◆ **To do**: Beginning at the line containing "NandiniG_23EEM1S02_hcc/Hysteresis current Controller/Commutation", print every line until the records end, keeping each exactly as it is.

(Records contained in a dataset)

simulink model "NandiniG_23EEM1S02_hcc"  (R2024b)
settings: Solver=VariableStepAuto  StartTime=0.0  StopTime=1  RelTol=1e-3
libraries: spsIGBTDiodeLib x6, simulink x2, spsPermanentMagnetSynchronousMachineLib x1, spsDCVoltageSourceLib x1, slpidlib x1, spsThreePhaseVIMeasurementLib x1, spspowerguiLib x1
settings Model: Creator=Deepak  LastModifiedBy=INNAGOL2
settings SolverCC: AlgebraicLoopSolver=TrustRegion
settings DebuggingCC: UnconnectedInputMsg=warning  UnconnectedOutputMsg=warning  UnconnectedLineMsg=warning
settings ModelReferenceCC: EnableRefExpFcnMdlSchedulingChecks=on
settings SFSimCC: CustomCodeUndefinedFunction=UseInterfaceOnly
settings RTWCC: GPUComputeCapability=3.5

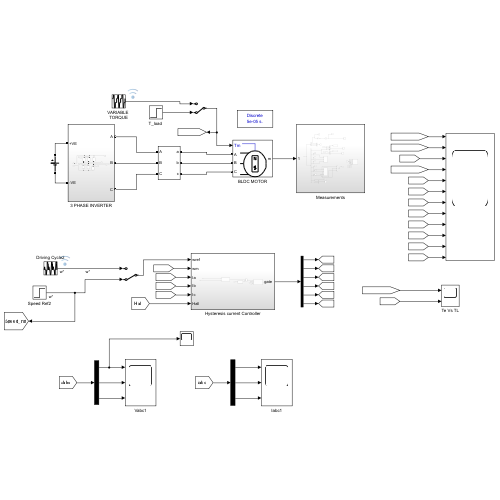
[thumbnail: Simulink's stored preview of the top-level diagram]
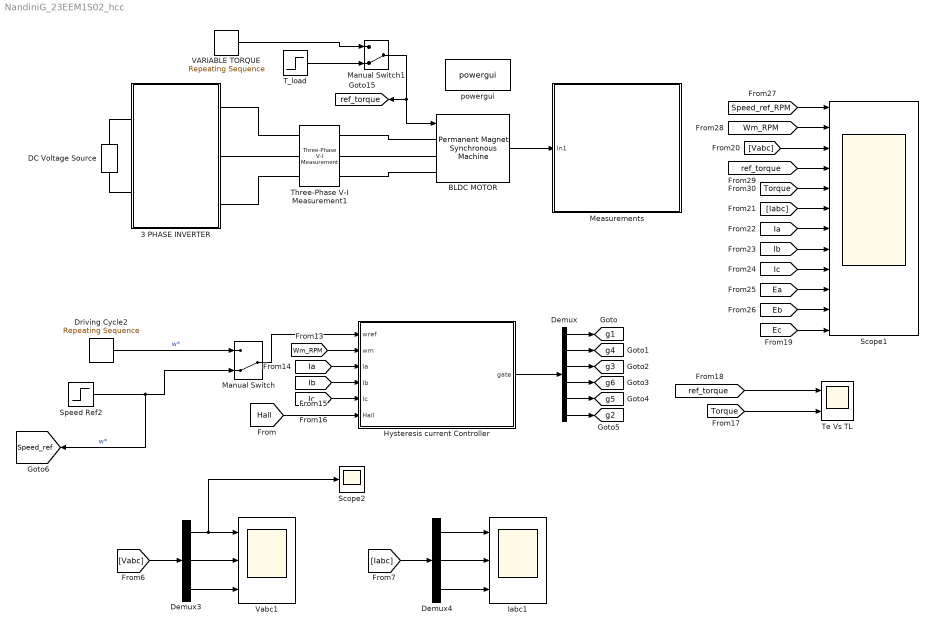
== system NandiniG_23EEM1S02_hcc ==
  3 PHASE INVERTER : Subsystem
  BLDC MOTOR : spsPermanentMagnetSynchronousMachineLib/Permanent Magnet Synchronous Machine  NbPhases=3  FluxDistribution=Trapezoidal  RotorType=Round  MechanicalLoad=Torque Tm  PresetModel=No  ShowDetailedParameters=on  MeasurementBus=off  Resistance=0.7  Inductance=2.7e-3  dqInductances=[8.5e-3,8.5e-3]  La=0.000395  MachineConstant=Flux linkage established by magnets (V.s)  Flux=0.1194  VoltageCst=100.0283  TorqueCst=0.9552  Flat=120  Mechanical=[0.0027 0.0004924 4 0]  PolePairs=4  InitialConditions=[0,0, 0,0]  InitialConditions5ph=[0 0 0 0 0 0]  RefAngle=90 degrees behind phase A axis (modified Park)  IterativeDiscreteModel=Trapezoidal non iterative  TsBlock=-1  TsPowergui=0
  DC Voltage Source : spsDCVoltageSourceLib/DC Voltage Source  Amplitude=160  Measurements=None
  Demux : Demux  Outputs=6
  Demux3 : Demux  Outputs=3
  Demux4 : Demux  Outputs=3
  Driving Cycle2 : simulink/Sources/Repeating Sequence  rep_seq_t=[0 1 2 3 4 5 6 7 8 9 10 11 11.0001 12 13]  rep_seq_y=[0 20 20 0 0 0 -30 -30 0 0 50 50 40 40 0]
  Hysteresis current Controller : Subsystem
  Iabc1 : Scope  NumInputPorts=3
  Manual Switch : ManualSwitch  CurrentSetting=0
  Manual Switch1 : ManualSwitch  CurrentSetting=0
  Measurements : Subsystem
  Scope1 : Scope  NumInputPorts=12
  Scope2 : Scope
  Speed Ref2 : Step  Time=0.1  After=150  SampleTime=0
  "T_load " : Step  Time=0.1  After=5  SampleTime=0
  Te Vs TL : Scope  NumInputPorts=2
  Three-Phase V-I Measurement1 : spsThreePhaseVIMeasurementLib/Three-Phase V-I Measurement  VoltageMeasurement=phase-to-phase  SetLabelV=on  LabelV=Vabc  Vpu=off  VpuLL=off  CurrentMeasurement=yes  SetLabelI=on  LabelI=Iabc  Ipu=off  Pbase=100e6  Vbase=500e3  OutputType=Complex  PhasorSimulation=off  PSBequivalent=0
  VARIABLE TORQUE : simulink/Sources/Repeating Sequence  rep_seq_t=[0 1 2 3 4 5 6 7 8 9 10 11 12 13]  rep_seq_y=[3 3 3 3 5 5 5 -2 -2 -2 1 1 1 1 ]
  Vabc1 : Scope  NumInputPorts=3
  powergui : spspowerguiLib/powergui  Priority=1  SimulationMode=Discrete  SampleTime=5e-05  frequency=60  Iterations=50  frequencyindice=0  Pbase=100e6  ErrMax=1e-4  UnitsV=kV  UnitsW=MW  buscounter=0  FunctionMessages=off  echomessages=off  EnableUseOfTLC=off  CurrentSourceSwitches=off  DisableSnubberDevices=off  DisableRonSwitches=off  DisableVfSwitches=off  DisplayEquations=off  AutomaticDiscreteSolvers=off  SolverType=Tustin/Backward Euler (TBE)  Interpol=off  ExternalGateDelay=off  methode=off  Ts=100  x0status=blocks  SPID=on  SwTol=0  HookPort=off  NonlinearTolerance=0  nMaxIteration=15  ContinueOnMaxIteration=off  RestoreLinks=warning  ResistiveCurrentMeasurement=off  Frange=[0:2:500]  Ylog=off  Xlog=on  ShowGrid=off  save=off  variable=ZData  structure=0  ZoomFFT=off  StartTime=0.0  cycles=1  DisplayStyle=1  fundamental=60  FreqAxis=off  MaxFrequency=1000  frequencyindicesteady=1  RmsSteady=1  display=off
  tag scope: Speed_ref=global, g1=global, g2=global, g3=global, g4=global, g5=global, g6=global, ref_torque=global
  wires:
  Demux/4 -> [g6]
  Demux/3 -> [g3]
  Demux/5 -> [g5]
  Demux/1 -> [g1]
  Demux/6 -> [g2]
  Demux/2 -> [g4]
  [Hall] -> Hysteresis current Controller/6("Hall ")
  [Wm_RPM] -> Hysteresis current Controller/2(wm)
  [Ia] -> Hysteresis current Controller/3(Ia)
  [Ib] -> Hysteresis current Controller/4(Ib)
  [Ic] -> Hysteresis current Controller/5(Ic)
  Hysteresis current Controller/1("gate ") -> Demux/1
  "T_load "/1 -> Manual Switch1/2
  VARIABLE TORQUE/1 -> Manual Switch1/1
  Manual Switch1/1 -> [ref_torque], BLDC MOTOR/1
  Speed Ref2/1 -> [Speed_ref], Manual Switch/2  "w*"
  Manual Switch/1 -> Hysteresis current Controller/1(wref)
  Driving Cycle2/1 -> Manual Switch/1  "w*"
  [ref_torque] -> Te Vs TL/1
  [Torque] -> Te Vs TL/2
  BLDC MOTOR/1 -> Measurements/1(In1)
  [Ea] -> Scope1/10
  [Ic] -> Scope1/9
  [Torque] -> Scope1/5
  [Ec] -> Scope1/12
  [Vabc] -> Scope1/3
  [ref_torque] -> Scope1/4
  [Speed_ref_RPM] -> Scope1/1
  [Ia] -> Scope1/7
  [Iabc] -> Scope1/6
  [Wm_RPM] -> Scope1/2
  [Ib] -> Scope1/8
  [Eb] -> Scope1/11
  Demux3/2 -> Vabc1/2
  Demux4/2 -> Iabc1/2
  [Vabc] -> Demux3/1
  Demux4/3 -> Iabc1/3
  Demux3/1 -> Scope2/1, Vabc1/1
  Demux3/3 -> Vabc1/3
  Demux4/1 -> Iabc1/1
  [Iabc] -> Demux4/1
  connections:
  DC Voltage Source/RConn1 -- 3 PHASE INVERTER/LConn1
  DC Voltage Source/LConn1 -- 3 PHASE INVERTER/LConn2
  3 PHASE INVERTER/RConn1 -- Three-Phase V-I Measurement1/LConn1
  3 PHASE INVERTER/RConn2 -- Three-Phase V-I Measurement1/LConn2
  3 PHASE INVERTER/RConn3 -- Three-Phase V-I Measurement1/LConn3
  Three-Phase V-I Measurement1/RConn1 -- BLDC MOTOR/LConn1
  Three-Phase V-I Measurement1/RConn2 -- BLDC MOTOR/LConn2
  Three-Phase V-I Measurement1/RConn3 -- BLDC MOTOR/LConn3

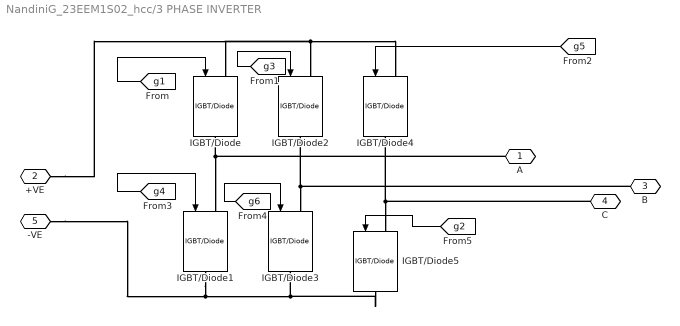
== system NandiniG_23EEM1S02_hcc/3 PHASE INVERTER ==
  IGBT/Diode{,1..5} (6 alike) : spsIGBTDiodeLib/IGBT//Diode  Ron=1e-3  Rs=1e5  Cs=inf  Measurements=off
  A : PMIOPort  Side=Right
  +VE : PMIOPort  Port=2  Side=Left
  B : PMIOPort  Port=3  Side=Right
  C : PMIOPort  Port=4  Side=Right
  -VE : PMIOPort  Port=5  Side=Left
  wires:
  [g1] -> IGBT/Diode/1
  [g3] -> IGBT/Diode2/1
  [g5] -> IGBT/Diode4/1
  [g4] -> IGBT/Diode1/1
  [g6] -> IGBT/Diode3/1
  [g2] -> IGBT/Diode5/1
  connections:
  A/RConn1 -- IGBT/Diode/RConn1 -- IGBT/Diode1/LConn1
  B/RConn1 -- IGBT/Diode2/RConn1 -- IGBT/Diode3/LConn1
  C/RConn1 -- IGBT/Diode4/RConn1 -- IGBT/Diode5/LConn1
  +VE/RConn1 -- IGBT/Diode/LConn1 -- IGBT/Diode2/LConn1 -- IGBT/Diode4/LConn1
  -VE/RConn1 -- IGBT/Diode5/RConn1 -- IGBT/Diode3/RConn1 -- IGBT/Diode1/RConn1

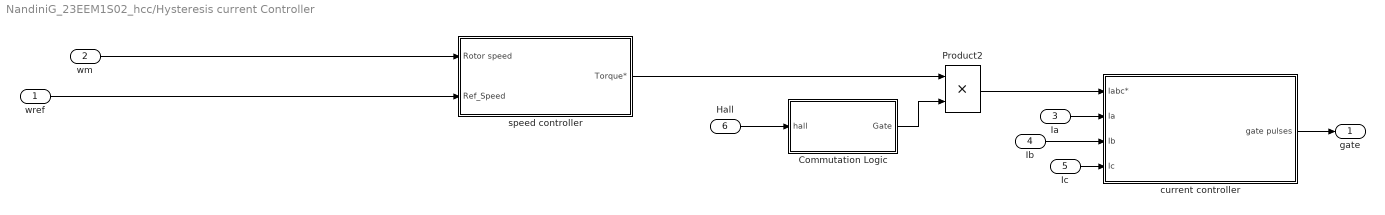
== system NandiniG_23EEM1S02_hcc/Hysteresis current Controller ==
  wref : Inport
  wm : Inport  Port=2
  Ia : Inport  Port=3
  Ib : Inport  Port=4
  Ic : Inport  Port=5
  "Hall " : Inport  Port=6
  Commutation Logic : Subsystem
  Product2 : Product  SaturateOnIntegerOverflow=on  OutDataTypeStr=Inherit: Same as first input
  current controller : Subsystem
  speed controller : Subsystem
  "gate " : Outport  VectorParamsAs1DForOutWhenUnconnected=off
  wires:
  "Hall "/1 -> Commutation Logic/1("hall ")
  Commutation Logic/1(Gate) -> Product2/2
  current controller/1(gate pulses) -> "gate "/1
  Ic/1 -> current controller/4(Ic)
  Ib/1 -> current controller/3(Ib)
  Ia/1 -> current controller/2(Ia)
  Product2/1 -> current controller/1(Iabc*)
  wm/1 -> speed controller/1(Rotor speed)
  speed controller/1(Torque*) -> Product2/1
  wref/1 -> speed controller/2(Ref_Speed)

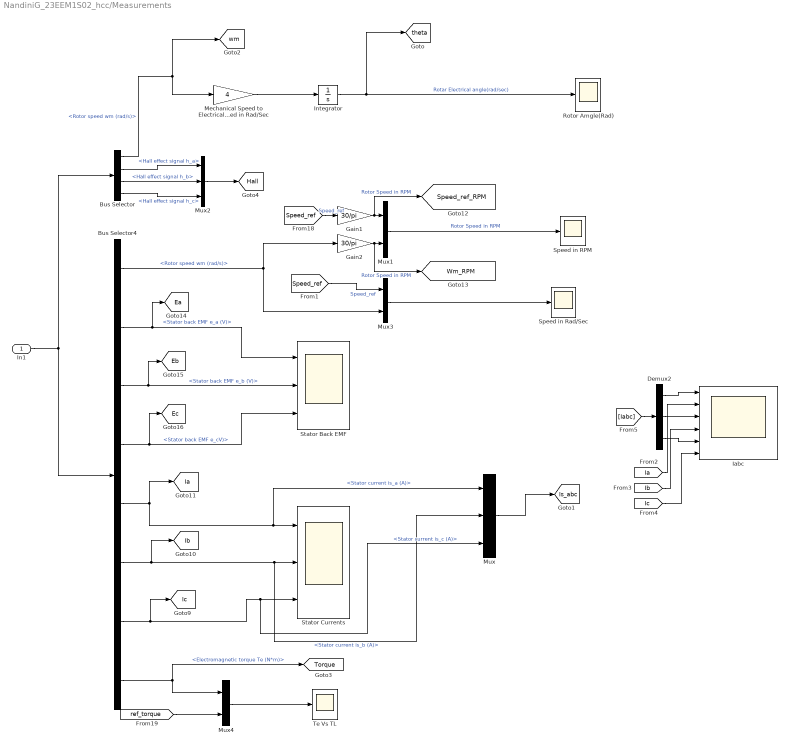
== system NandiniG_23EEM1S02_hcc/Measurements ==
  In1 : Inport
  Bus Selector : BusSelector  OutputSignals=Rotor speed wm (rad/s),Hall effect signal h_a,Hall effect signal h_b,Hall effect signal h_c
  Bus Selector4 : BusSelector  OutputSignals=Rotor speed wm (rad/s),Stator back EMF e_a (V),Stator back EMF e_b (V),Stator back EMF e_cV),Stator current is_a (A),Stator current is_b (A),Stator current is_c (A),Electromagnetic torque Te (N*m)
  Demux2 : Demux  Outputs=3
  Gain1 : Gain  Gain=30/pi
  Gain2 : Gain  Gain=30/pi
  Iabc : Scope  NumInputPorts=6
  Integrator : Integrator  WrapState=on
  Mechanical Speed to Electrical speed in Rad/Sec : Gain  Gain=4
  Mux : Mux  Inputs=3
  Mux1 : Mux  Inputs=2
  Mux2 : Mux  Inputs=3
  Mux3 : Mux  Inputs=2
  Mux4 : Mux  Inputs=2
  Rotor Amgle(Rad) : Scope
  Speed in RPM : Scope
  Speed in Rad/Sec : Scope
  Stator Back EMF : Scope  NumInputPorts=3
  Stator Currents : Scope  NumInputPorts=3
  Te Vs TL : Scope
  tag scope: Ea=global, Eb=global, Ec=global, Hall=global, Ia=global, Ib=global, Ic=global, Is_abc=global, Speed_ref_RPM=global, Torque=global, Wm_RPM=global, theta=global, wm=global
  wires:
  [ref_torque] -> Mux4/2
  Mechanical Speed to Electrical speed in Rad/Sec/1 -> Integrator/1
  Mux4/1 -> Te Vs TL/1
  Bus Selector/1 -> Mechanical Speed to Electrical speed in Rad/Sec/1, [wm]  "<Rotor speed wm (rad/s)>"
  Bus Selector4/3 -> [Eb], Stator Back EMF/2  "<Stator back EMF e_b (V)>"
  Bus Selector4/8 -> [Torque], Mux4/1  "<Electromagnetic torque Te (N*m)>"
  Bus Selector4/5 -> [Ia], Mux/1, Stator Currents/1  "<Stator current is_a (A)>"
  In1/1 -> Bus Selector4/1, Bus Selector/1
  Bus Selector4/4 -> [Ec], Stator Back EMF/3  "<Stator back EMF e_cV)>"
  Gain2/1 -> [Wm_RPM], Mux1/2  "Rotor Speed in RPM"
  Bus Selector4/7 -> [Ic], Mux/3, Stator Currents/3  "<Stator current is_c (A)>"
  Integrator/1 -> [theta], Rotor Amgle(Rad)/1  "Rotar Electrical angle(rad/sec)"
  Bus Selector4/2 -> [Ea], Stator Back EMF/1  "<Stator back EMF e_a (V)>"
  Bus Selector4/1 -> Mux3/2, Gain2/1  "<Rotor speed wm (rad/s)>"
  Gain1/1 -> [Speed_ref_RPM], Mux1/1  "Rotor Speed in RPM"
  Mux3/1 -> Speed in Rad/Sec/1
  Mux1/1 -> Speed in RPM/1  "Rotor Speed in RPM"
  [Speed_ref] -> Gain1/1  "Speed_ref"
  Bus Selector4/6 -> [Ib], Mux/2, Stator Currents/2  "<Stator current is_b (A)>"
  [Speed_ref] -> Mux3/1  "Speed_ref"
  Mux/1 -> [Is_abc]
  Bus Selector/2 -> Mux2/1  "<Hall effect signal h_a>"
  Bus Selector/3 -> Mux2/2  "<Hall effect signal h_b>"
  Bus Selector/4 -> Mux2/3  "<Hall effect signal h_c>"
  Mux2/1 -> [Hall]
  [Ib] -> Iabc/4
  [Ic] -> Iabc/6
  Demux2/2 -> Iabc/3
  Demux2/1 -> Iabc/1
  [Ia] -> Iabc/2
  Demux2/3 -> Iabc/5
  [Iabc] -> Demux2/1

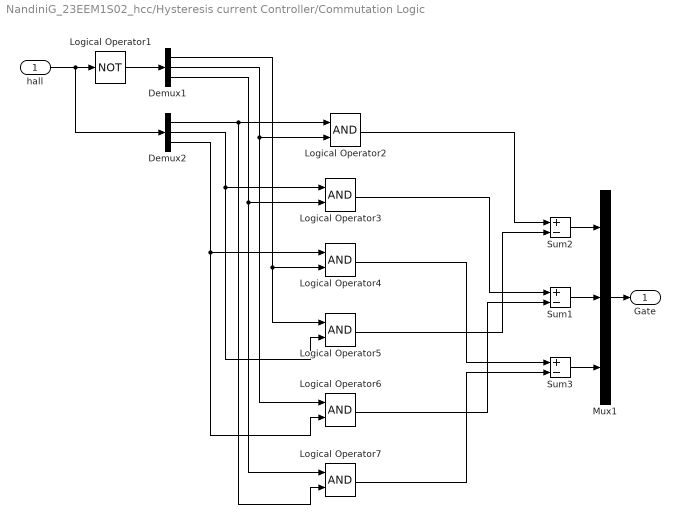
== system NandiniG_23EEM1S02_hcc/Hysteresis current Controller/Commutation Logic ==
  "hall " : Inport
  Demux1 : Demux  Outputs=3
  Demux2 : Demux  Outputs=3
  Logical Operator1 : Logic  Operator=NOT  AllPortsSameDT=off  OutDataTypeStr=boolean
  Logical Operator{2..7} (6 alike) : Logic  AllPortsSameDT=off  OutDataTypeStr=boolean
  Mux1 : Mux  Inputs=3
  Sum1 : Sum  Inputs=+-  OutDataTypeStr=double
  Sum2 : Sum  Inputs=+-  OutDataTypeStr=double
  Sum3 : Sum  Inputs=+-  OutDataTypeStr=double
  Gate : Outport  VectorParamsAs1DForOutWhenUnconnected=off
  wires:
  Demux2/1 -> Logical Operator7/2, Logical Operator2/1
  Demux1/3 -> Logical Operator7/1, Logical Operator3/2
  Demux2/2 -> Logical Operator3/1, Logical Operator5/2
  Sum1/1 -> Mux1/2
  Logical Operator3/1 -> Sum1/1
  "hall "/1 -> Logical Operator1/1, Demux2/1
  Demux1/2 -> Logical Operator6/1, Logical Operator2/2
  Logical Operator2/1 -> Sum2/1
  Logical Operator7/1 -> Sum3/2
  Logical Operator4/1 -> Sum3/1
  Demux1/1 -> Logical Operator4/2, Logical Operator5/1
  Logical Operator6/1 -> Sum1/2
  Logical Operator5/1 -> Sum2/2
  Sum3/1 -> Mux1/3
  Logical Operator1/1 -> Demux1/1
  Mux1/1 -> Gate/1
  Sum2/1 -> Mux1/1
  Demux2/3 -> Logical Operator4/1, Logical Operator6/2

◆ **Exercise result**:
== system NandiniG_23EEM1S02_hcc/Hysteresis current Controller/Commutation Logic ==
  "hall " : Inport
  Demux1 : Demux  Outputs=3
  Demux2 : Demux  Outputs=3
  Logical Operator1 : Logic  Operator=NOT  AllPortsSameDT=off  OutDataTypeStr=boolean
  Logical Operator{2..7} (6 alike) : Logic  AllPortsSameDT=off  OutDataTypeStr=boolean
  Mux1 : Mux  Inputs=3
  Sum1 : Sum  Inputs=+-  OutDataTypeStr=double
  Sum2 : Sum  Inputs=+-  OutDataTypeStr=double
  Sum3 : Sum  Inputs=+-  OutDataTypeStr=double
  Gate : Outport  VectorParamsAs1DForOutWhenUnconnected=off
  wires:
  Demux2/1 -> Logical Operator7/2, Logical Operator2/1
  Demux1/3 -> Logical Operator7/1, Logical Operator3/2
  Demux2/2 -> Logical Operator3/1, Logical Operator5/2
  Sum1/1 -> Mux1/2
  Logical Operator3/1 -> Sum1/1
  "hall "/1 -> Logical Operator1/1, Demux2/1
  Demux1/2 -> Logical Operator6/1, Logical Operator2/2
  Logical Operator2/1 -> Sum2/1
  Logical Operator7/1 -> Sum3/2
  Logical Operator4/1 -> Sum3/1
  Demux1/1 -> Logical Operator4/2, Logical Operator5/1
  Logical Operator6/1 -> Sum1/2
  Logical Operator5/1 -> Sum2/2
  Sum3/1 -> Mux1/3
  Logical Operator1/1 -> Demux1/1
  Mux1/1 -> Gate/1
  Sum2/1 -> Mux1/1
  Demux2/3 -> Logical Operator4/1, Logical Operator6/2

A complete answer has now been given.